Arantxa Isabel Álvarez Garri (born 17 November 1991) is a Swedish television presenter and singer. She grew up in Norrköping and is since 2014 residing in Malmö.

Career 
Alvarez participated in Idol 2013 broadcast on TV4 and made it to the Top 20. She was then eliminated during the Semi Final Qualifyings. During the summer of 2014 she made her debut as a television presenter for the Sveriges Radio show Morgonpasset. And in the aid show Musikhjälpen broadcast both on Sveriges Television and Sveriges Radio she was that years "public ambassador".

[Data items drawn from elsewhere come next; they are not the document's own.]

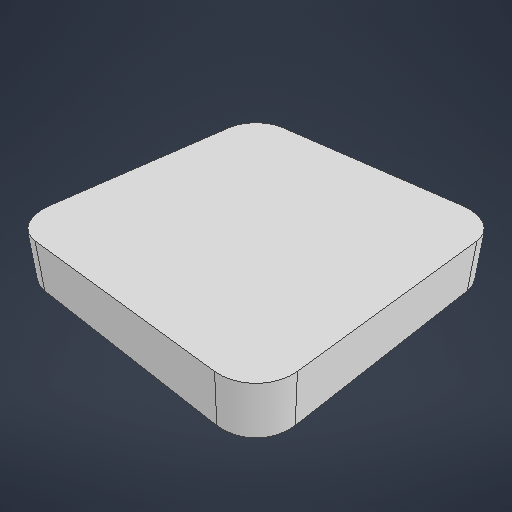
# Autodesk Inventor part: keycap
Saved by Autodesk Inventor 2025.2 (Build 292293000, 293)
## iProperties
Created: 2025-10-01
Part Number: keycap
Material: Generic
Document SubType Name: Modeling
Designer: nebes
Density: 1 g/cm^3
Appearance: Default
Author: nebes
Autodesk Inventor part; units mm, degrees
ref_plane "YZ Plane" through (0, 0, 0) normal (1, 0, 0) x (0, 1, 0)
ref_plane "XZ Plane" through (0, 0, 0) normal (0, 1, 0) x (-1, 0, 0)
ref_plane "XY Plane" through (0, 0, 0) normal (0, 0, 1) x (1, 0, 0)
sketch "Sketch1" plane through (0, 0, 0) normal (0, 1, 0) x (-1, 0, 0)
  line L0 (-8.55, 8.55) -> (8.55, 8.55)
  line L1 (8.55, 8.55) -> (8.55, -8.55)
  line L2 (8.55, -8.55) -> (-8.55, -8.55)
  line L3 (-8.55, -8.55) -> (-8.55, 8.55)
  line L4 (-8.55, 8.55) -> (8.55, -8.55) construction
  line L5 (8.55, 8.55) -> (-8.55, -8.55) construction
  line L6 (7.55, 7.55) -> (-7.55, 7.55)
  line L7 (-7.55, 7.55) -> (-7.55, -7.55)
  line L8 (-7.55, -7.55) -> (7.55, -7.55)
  line L9 (7.55, -7.55) -> (7.55, 7.55)
  line L10 (7.55, 7.55) -> (-7.55, -7.55) construction
  line L11 (-7.55, 7.55) -> (7.55, -7.55) construction
  line L12 (1.5, 2.35) -> (-1.5, 2.35)
  line L13 (-1.5, 2.35) -> (-1.5, 3.35)
  line L14 (-1.5, 3.35) -> (1.5, 3.35)
  line L15 (1.5, 3.35) -> (1.5, 2.35)
  line L16 (1.5, 2.35) -> (-1.5, 3.35) construction
  line L17 (-1.5, 2.35) -> (1.5, 3.35) construction
  line L18 (1.5, -3.35) -> (-1.5, -3.35)
  line L19 (-1.5, -3.35) -> (-1.5, -2.35)
  line L20 (-1.5, -2.35) -> (1.5, -2.35)
  line L21 (1.5, -2.35) -> (1.5, -3.35)
  line L22 (1.5, -3.35) -> (-1.5, -2.35) construction
  line L23 (-1.5, -3.35) -> (1.5, -2.35) construction
  line L24 (0, 0) -> (-1, 0)
  circle A0 centre (-6.3, 6.3) radius 1.25
  circle A1 centre (-6.3, 6.3) radius 2.25
  circle A2 centre (-6.3, -6.3) radius 1.25
  circle A3 centre (-6.3, -6.3) radius 2.25
  circle A4 centre (6.3, -6.3) radius 1.25
  circle A5 centre (6.3, -6.3) radius 2.25
  circle A6 centre (6.3, 6.3) radius 1.25
  circle A7 centre (6.3, 6.3) radius 2.25
  point P0 (0, 2.85)
  point P1 (0, -2.85)
  point P2 (-8.55, 6.3)
  point P3 (-8.55, -6.3)
  point P4 (-6.3, -8.55)
  point P5 (6.3, -8.55)
  point P6 (8.55, -6.3)
  point P7 (8.55, 6.3)
  point P8 (6.3, 8.55)
  point P9 (-6.3, 8.55)
  point P10 (-7.55, 6.3)
  point P11 (-6.3, 7.55)
  point P12 (6.3, 7.55)
  point P13 (7.55, 6.3)
  point P14 (7.55, -6.3)
  point P15 (6.3, -7.55)
  point P16 (-6.3, -7.55)
  point P17 (-7.55, -6.3)
  dimension "d0" = 17.1
  dimension "d1" = 17.1
  dimension "d4" = 1
  dimension "d5" = 1
  dimension "d6" = 5.7
  dimension "d7" = 3
  dimension "d8" = 1
  dimension "d10" = 2.5
  constraints: 50 end point, 12 tangent, 8 centre point, 8 midpoint, 8 parallel, 5 horizontal, 4 coincident, 4 perpendicular, 3 equal radius, 2 equal length, 2 vertical alignment, 1 point on line, 1 other
  measures "d0" distance of L1.end L2.end
  measures "d1" distance of L0.end L1.end
  measures "d4" distance between parallel lines of L2 L8
  measures "d5" distance of L24.start L24.end
  measures "d6" distance of point (0, -2.85) point (0, 2.85)
  measures "d7" distance of L13.end L14.end
  measures "d8" distance of L12.end L13.end
  measures "d10" diameter of A0
extrude "Extrusion2" add sketch "Sketch1" along normal blind 1 contours L0 A7 L6 A1 | A1 L6 L7 | A1 L7 A3 L3 | A7 L9 L6 | A1 L7 A0 L6 | L6 A7 L9 A5 L8 A3 L7 A1 | A3 L7 L8 | L1 A5 L9 A7 | L6 A6 L9 A7 | A0 L7 L6 | A0 | A3 L8 A2 L7 | A3 L8 A5 L2 | A5 L8 L9 | L6 L9 A6 | A6 | A2 L8 L7 | A2 | L9 A4 L8 A5 | A4 | L9 L8 A4 | L12 L13 L14 L15 | L18 L19 L20 L21
extrude "Extrusion3" add sketch "Sketch1" against normal blind 2 contours L0 A7 L6 A1 | A1 L6 L7 | A1 L7 A3 L3 | A7 L9 L6 | A3 L7 L8 | L1 A5 L9 A7 | A0 L7 L6 | A3 L8 A5 L2 | A5 L8 L9 | L6 L9 A6 | A2 L8 L7 | L9 L8 A4
extrude "Extrusion4" add sketch "Sketch1" against normal blind 3 contours L12 L13 L14 L15 | L18 L19 L20 L21
body "Solid2"

In the summer of 2015 she was again presenter of Morgonpasset in Sveriges Radio P3, and during late 2015 she presented Idol Extra which was broadcast on TV4, she presented the show along with singer Erik Segerstedt. In the summer of 2016 she again got to present her third summer of Morgonpasset, this time along with Farah Abadi, Victor Linnér, Jonatan Unge och Simon Rosenqvist. In 2016, she will also present the children's show Morgonshowen on Barnkanalen. As well as being a reviewer of comical videos for the Swedish version of Ridiculousness which premiered on MTV in August 2016.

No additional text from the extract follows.